Azure IoT Suite の事前構成済みソリューションは、サブスクリプションを使用して Azure にデプロイできる一般的な IoT ソリューション パターンの実装です。 構成済みのソリューションを使用できます。

  • 独自の IoT ソリューションの開始点として。
  • IoT ソリューションの設計と開発における一般的なパターンについて説明します。

構成済みの各ソリューションは、シミュレートされたデバイスを使用してテレメトリを生成する、完全なエンドツーエンドの実装です。

完全なソース コードをダウンロードして、特定の IoT 要件を満たすようにソリューションをカスタマイズおよび拡張できます。

次の表は、ソリューションが特定の IoT 機能にどのようにマップされるかを示しています。

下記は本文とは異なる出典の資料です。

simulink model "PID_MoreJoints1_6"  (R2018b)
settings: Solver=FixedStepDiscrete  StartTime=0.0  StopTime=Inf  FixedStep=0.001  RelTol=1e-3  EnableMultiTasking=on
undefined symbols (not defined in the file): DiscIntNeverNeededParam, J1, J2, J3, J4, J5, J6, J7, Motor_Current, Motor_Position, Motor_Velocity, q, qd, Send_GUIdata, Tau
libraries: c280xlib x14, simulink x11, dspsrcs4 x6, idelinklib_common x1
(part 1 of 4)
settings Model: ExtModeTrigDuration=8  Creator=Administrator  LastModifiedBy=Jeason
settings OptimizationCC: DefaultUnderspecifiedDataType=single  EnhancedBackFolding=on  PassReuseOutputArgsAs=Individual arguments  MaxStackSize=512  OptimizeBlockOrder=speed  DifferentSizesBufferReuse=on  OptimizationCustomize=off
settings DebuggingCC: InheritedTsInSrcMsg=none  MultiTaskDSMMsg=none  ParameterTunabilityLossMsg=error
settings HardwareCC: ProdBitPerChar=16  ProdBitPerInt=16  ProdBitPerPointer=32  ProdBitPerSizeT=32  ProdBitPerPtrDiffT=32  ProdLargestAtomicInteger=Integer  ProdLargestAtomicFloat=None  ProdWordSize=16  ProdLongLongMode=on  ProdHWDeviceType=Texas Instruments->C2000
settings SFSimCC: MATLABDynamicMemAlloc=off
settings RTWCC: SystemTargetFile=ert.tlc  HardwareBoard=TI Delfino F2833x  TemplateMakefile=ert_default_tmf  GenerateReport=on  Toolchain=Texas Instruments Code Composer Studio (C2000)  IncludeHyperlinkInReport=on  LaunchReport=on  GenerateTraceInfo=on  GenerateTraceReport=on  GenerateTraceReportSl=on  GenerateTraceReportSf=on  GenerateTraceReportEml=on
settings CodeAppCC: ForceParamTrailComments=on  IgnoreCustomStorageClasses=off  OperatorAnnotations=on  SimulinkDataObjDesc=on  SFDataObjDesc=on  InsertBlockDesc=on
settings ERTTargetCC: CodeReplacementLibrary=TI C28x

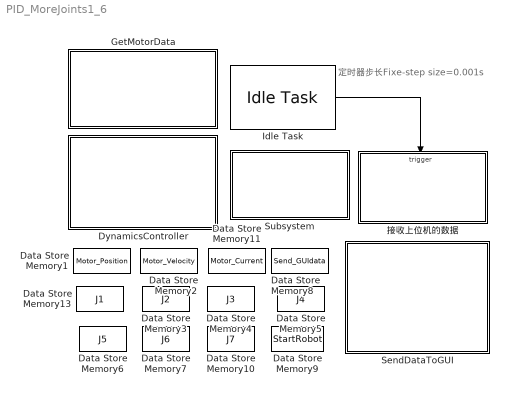
== system PID_MoreJoints1_6 ==
  note: 定时器步长Fixe-step size=0.001s
  Data Store Memory1 : DataStoreMemory  DataStoreName=Motor_Position  ReadBeforeWriteMsg=warning  WriteAfterWriteMsg=warning  WriteAfterReadMsg=warning  InitialValue=[0 0 0 0 0 0]  ShowAdditionalParam=off  OutDataTypeStr=int32
      settings: RTWStateStorageClass=ExportedGlobal
  Data Store Memory10 : DataStoreMemory  DataStoreName=J7  ReadBeforeWriteMsg=warning  WriteAfterWriteMsg=warning  WriteAfterReadMsg=warning  InitialValue=[0 0 0 0 0 0]  ShowAdditionalParam=off  OutDataTypeStr=double
      settings: RTWStateStorageClass=ExportedGlobal
  Data Store Memory11 : DataStoreMemory  DataStoreName=Motor_Current  ReadBeforeWriteMsg=warning  WriteAfterWriteMsg=warning  WriteAfterReadMsg=warning  InitialValue=[0 0 0 0 0 0]  ShowAdditionalParam=off  OutDataTypeStr=int32
      settings: RTWStateStorageClass=ExportedGlobal
  Data Store Memory13 : DataStoreMemory  DataStoreName=J1  ReadBeforeWriteMsg=warning  WriteAfterWriteMsg=warning  WriteAfterReadMsg=warning  InitialValue=[0 0 0 0 0 0]  ShowAdditionalParam=off  OutDataTypeStr=double
      settings: RTWStateStorageClass=ExportedGlobal
  Data Store Memory2 : DataStoreMemory  DataStoreName=Motor_Velocity  ReadBeforeWriteMsg=warning  WriteAfterWriteMsg=warning  WriteAfterReadMsg=warning  InitialValue=[0 0 0 0 0 0]  ShowAdditionalParam=off  OutDataTypeStr=int32
      settings: RTWStateStorageClass=ExportedGlobal
  Data Store Memory3 : DataStoreMemory  DataStoreName=J2  ReadBeforeWriteMsg=warning  WriteAfterWriteMsg=warning  WriteAfterReadMsg=warning  InitialValue=[0 0 0 0 0 0]  ShowAdditionalParam=off  OutDataTypeStr=double
      settings: RTWStateStorageClass=ExportedGlobal
  Data Store Memory4 : DataStoreMemory  DataStoreName=J3  ReadBeforeWriteMsg=warning  WriteAfterWriteMsg=warning  WriteAfterReadMsg=warning  InitialValue=[0 0 0 0 0 0]  ShowAdditionalParam=off  OutDataTypeStr=double
      settings: RTWStateStorageClass=ExportedGlobal
  Data Store Memory5 : DataStoreMemory  DataStoreName=J4  ReadBeforeWriteMsg=warning  WriteAfterWriteMsg=warning  WriteAfterReadMsg=warning  InitialValue=[0 0 0 0 0 0]  ShowAdditionalParam=off  OutDataTypeStr=double
      settings: RTWStateStorageClass=ExportedGlobal
  Data Store Memory6 : DataStoreMemory  DataStoreName=J5  ReadBeforeWriteMsg=warning  WriteAfterWriteMsg=warning  WriteAfterReadMsg=warning  InitialValue=[0 0 0 0 0 0]  ShowAdditionalParam=off  OutDataTypeStr=double
      settings: RTWStateStorageClass=ExportedGlobal
  Data Store Memory7 : DataStoreMemory  DataStoreName=J6  ReadBeforeWriteMsg=warning  WriteAfterWriteMsg=warning  WriteAfterReadMsg=warning  InitialValue=[0 0 0 0 0 0]  ShowAdditionalParam=off  OutDataTypeStr=double
      settings: RTWStateStorageClass=ExportedGlobal
  Data Store Memory8 : DataStoreMemory  DataStoreName=Send_GUIdata  ReadBeforeWriteMsg=warning  WriteAfterWriteMsg=warning  WriteAfterReadMsg=warning  InitialValue=zeros(1,18)  ShowAdditionalParam=off  OutDataTypeStr=double
      settings: RTWStateStorageClass=ExportedGlobal
  Data Store Memory9 : DataStoreMemory  DataStoreName=StartRobot  ReadBeforeWriteMsg=warning  WriteAfterWriteMsg=warning  WriteAfterReadMsg=warning  ShowAdditionalParam=off  OutDataTypeStr=uint16
      settings: RTWStateStorageClass=ExportedGlobal
  DynamicsController : Subsystem  Tag=Calculated_Data  Priority=2  TreatAsAtomicUnit=on  RTWFcnName=DynamicsController
      settings: RTWSystemCode=Nonreusable function  RTWFcnNameOpts=User specified  RTWFileNameOpts=Use function name
      mask Display:
      | color('red')
      | disp('六轴多关节\nPID算法动力学控制')
  GetMotorData : Subsystem  Tag=Get_Data  Priority=0  TreatAsAtomicUnit=on
      settings: RTWSystemCode=Nonreusable function
  Idle Task : idelinklib_common/Idle Task  tasknumbers=[0]  taskpriorities=100016  taskpreempts=[1]  showinput=off  simPriority=0
  SendDataToGUI : Subsystem  Priority=2  TreatAsAtomicUnit=on
      settings: RTWSystemCode=Nonreusable function
  Subsystem : Subsystem
      mask Display: disp('System\nInitialization');
  接收上位机的数据 : Subsystem  TreatAsAtomicUnit=on
  wires:
  Idle Task/1 -> 接收上位机的数据/Trigger

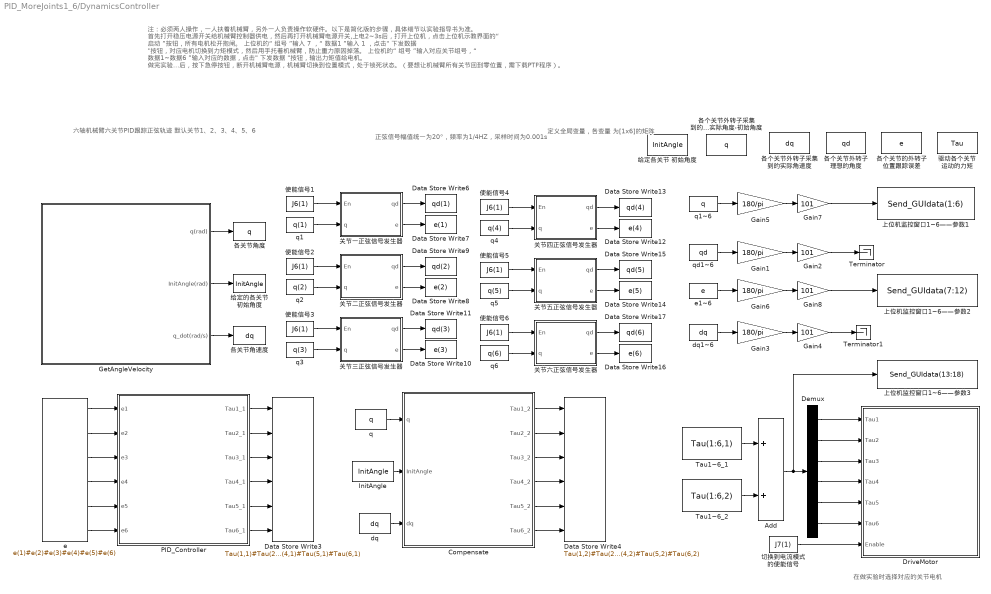
== system PID_MoreJoints1_6/DynamicsController ==
  note: 定义全局变量，各变量
      | 为[1x6]的矩阵
  note: 六轴机械臂六关节PID跟踪正弦轨迹
      | 默认关节1、2、3、4、5、6
  note: 在做实验时选择对应的关节电机
  note: 正弦信号幅值统一为20°，频率为1/4HZ，采样时间为0.001s
  note: 注：必须两人操作，一人扶着机械臂，另外一人负责操作软硬件。以下是简化版的步骤，具体细节以实验指导书为准。
      | 首先打开稳压电源开关给机械臂控制器供电，然后再打开机械臂电源开关,上电2~3s后，打开上位机，点击上位机示教界面的“ 启动 ”按钮，所有电机松开抱闸。
      | 上位机的“ 组号 ”输入 7 ，“ 数据1 ”输入 1 ，点击" 下发数据 "按钮，对应电机切换到力矩模式，然后用手托着机械臂，防止重力原因掉落。
      | 上位机的“ 组号 ”输入对应关节组号，“ 数据1~数据6 ”输入对应的数据，点击" 下发数据 "按钮，输出力矩值给电机。
      | 做完实验后，按下急停按钮，断开机械臂电源，机械臂切换到位置模式，处于锁死状态。（要想让机械臂所有关节回到零位置，需下载PTP程序）。
  Add : Sum
  Compensate : Subsystem  Priority=8  TreatAsAtomicUnit=on  RTWFcnName=Compensate
      settings: RTWSystemCode=Nonreusable function  RTWFcnNameOpts=User specified  RTWFileNameOpts=Use function name
  Data Store Write10 : DataStoreWrite  DataStoreName=e  DataStoreElements=e(3)
  Data Store Write11 : DataStoreWrite  DataStoreName=qd  DataStoreElements=qd(3)
  Data Store Write12 : DataStoreWrite  DataStoreName=e  DataStoreElements=e(4)
  Data Store Write13 : DataStoreWrite  DataStoreName=qd  DataStoreElements=qd(4)
  Data Store Write14 : DataStoreWrite  DataStoreName=e  DataStoreElements=e(5)
  Data Store Write15 : DataStoreWrite  DataStoreName=qd  DataStoreElements=qd(5)
  Data Store Write16 : DataStoreWrite  DataStoreName=e  DataStoreElements=e(6)
  Data Store Write17 : DataStoreWrite  DataStoreName=qd  DataStoreElements=qd(6)
  Data Store Write3 : DataStoreWrite  DataStoreName=Tau  DataStoreElements=Tau(1,1)#Tau(2,1)#Tau(3,1)#Tau(4,1)#Tau(5,1)#Tau(6,1)
  Data Store Write4 : DataStoreWrite  DataStoreName=Tau  DataStoreElements=Tau(1,2)#Tau(2,2)#Tau(3,2)#Tau(4,2)#Tau(5,2)#Tau(6,2)
  Data Store Write6 : DataStoreWrite  DataStoreName=qd  DataStoreElements=qd(1)
  Data Store Write7 : DataStoreWrite  DataStoreName=e  DataStoreElements=e(1)
  Data Store Write8 : DataStoreWrite  DataStoreName=e  DataStoreElements=e(2)
  Data Store Write9 : DataStoreWrite  DataStoreName=qd  DataStoreElements=qd(2)
  Demux : Demux  Outputs=6
  DriveMotor : Subsystem  TreatAsAtomicUnit=on  RTWFcnName=DrivrMotor  mask(DriverMotor){Motor1=on, Motor2=on, Motor3=on, Motor4=on, Motor5=on, Motor6=on}
      mask help:
      | 当其中一个Motor勾选时，表示将力矩输出给对应的电机；如果不勾选时，表示对应的电机不工作。
      | 比如：如果做单关节实验时，哪个电机要做实验就勾选对应的电机，其他电机一定要不勾选。
      | 关节1~3为CANB,关节4~6为CANA,驱动邮箱号为7~12。输入量的范围限定在-900~900。
      settings: RTWSystemCode=Nonreusable function  RTWFcnNameOpts=User specified  RTWFileNameOpts=Use function name
      mask Callback Motor1:
      | vssBlk1 = [gcb, '/BottomDriver/Joint1'];
      | choice1 = get_param(gcb,'Motor1');
      | if strcmp(choice1,'off')
      |         set_param(vssBlk1, 'Commented','on');
      |     else
      |         set_param(vssBlk1, 'Commented','off');
      | end
      | clear choice1 vssBlk1;
      mask Callback Motor2:
      | vssBlk2 = [gcb, '/BottomDriver/Joint2'];
      | choice2 = get_param(gcb,'Motor2');
      | if strcmp(choice2,'off')
      |         set_param(vssBlk2, 'Commented','on');
      |     else
      |         set_param(vssBlk2, 'Commented','off');
      | end
      | clear choice2 vssBlk2;
      mask Callback Motor3:
      | vssBlk3 = [gcb, '/BottomDriver/Joint3'];
      | choice3 = get_param(gcb,'Motor3');
      | if strcmp(choice3,'off')
      |         set_param(vssBlk3, 'Commented','on');
      |     else
      |         set_param(vssBlk3, 'Commented','off');
      | end
      | clear choice3 vssBlk3;
      mask Callback Motor4:
      | vssBlk4 = [gcb, '/BottomDriver/Joint4'];
      | choice4 = get_param(gcb,'Motor4');
      | if strcmp(choice4,'off')
      |         set_param(vssBlk4, 'Commented','on');
      |     else
      |         set_param(vssBlk4, 'Commented','off');
      | end
      | clear choice4 vssBlk4;
      mask Callback Motor5:
      | vssBlk5 = [gcb, '/BottomDriver/Joint5'];
      | choice5 = get_param(gcb,'Motor5');
      | if strcmp(choice5,'off')
      |         set_param(vssBlk5, 'Commented','on');
      |     else
      |         set_param(vssBlk5, 'Commented','off');
      | end
      | clear choice5 vssBlk5;
      mask Callback Motor6:
      | vssBlk6 = [gcb, '/BottomDriver/Joint6'];
      | choice6 = get_param(gcb,'Motor6');
      | if strcmp(choice6,'off')
      |         set_param(vssBlk6, 'Commented','on');
      |     else
      |         set_param(vssBlk6, 'Commented','off');
      | end
      | clear choice6 vssBlk6;
      mask Display:
      | disp('DriverMotor');
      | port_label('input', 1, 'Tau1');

解決策 データ インジェスト デバイス ID デバイス管理 コマンドと制御 ルールとアクション 予測分析
リモート監視 イエス イエス イエス イエス イエス -
予測メンテナンス イエス イエス - イエス イエス イエス
コネクテッド ファクトリ イエス イエス イエス イエス イエス -
  • データ インジェスト: クラウドへの大規模なデータのイングレス。
  • デバイス ID: 一意のデバイス ID を管理し、ソリューションへのデバイス アクセスを制御します。
  • デバイス管理: デバイス メタデータを管理し、デバイスの再起動やファームウェアのアップグレードなどの操作を実行します。
  • コマンドと制御: デバイスがアクションを実行できるようにするには、クラウドからデバイスにメッセージを送信します。
  • ルールとアクション: 特定のデバイスからクラウドへのデータに対してアクションを実行するために、ソリューション バックエンドはルールを使用します。
  • 予測分析: ソリューション バックエンドは、デバイスからクラウドへのデータを分析して、特定のアクションがいつ行われるべきか予測します。 たとえば、航空機エンジンのテレメトリを分析して、エンジンのメンテナンスの期限を判断します。

リモート監視構成済みソリューションの概要

この記事では、リモート監視の構成済みソリューションについて説明することを選択しました。これは、他のソリューションが共有する多くの一般的な設計要素を示しているためです。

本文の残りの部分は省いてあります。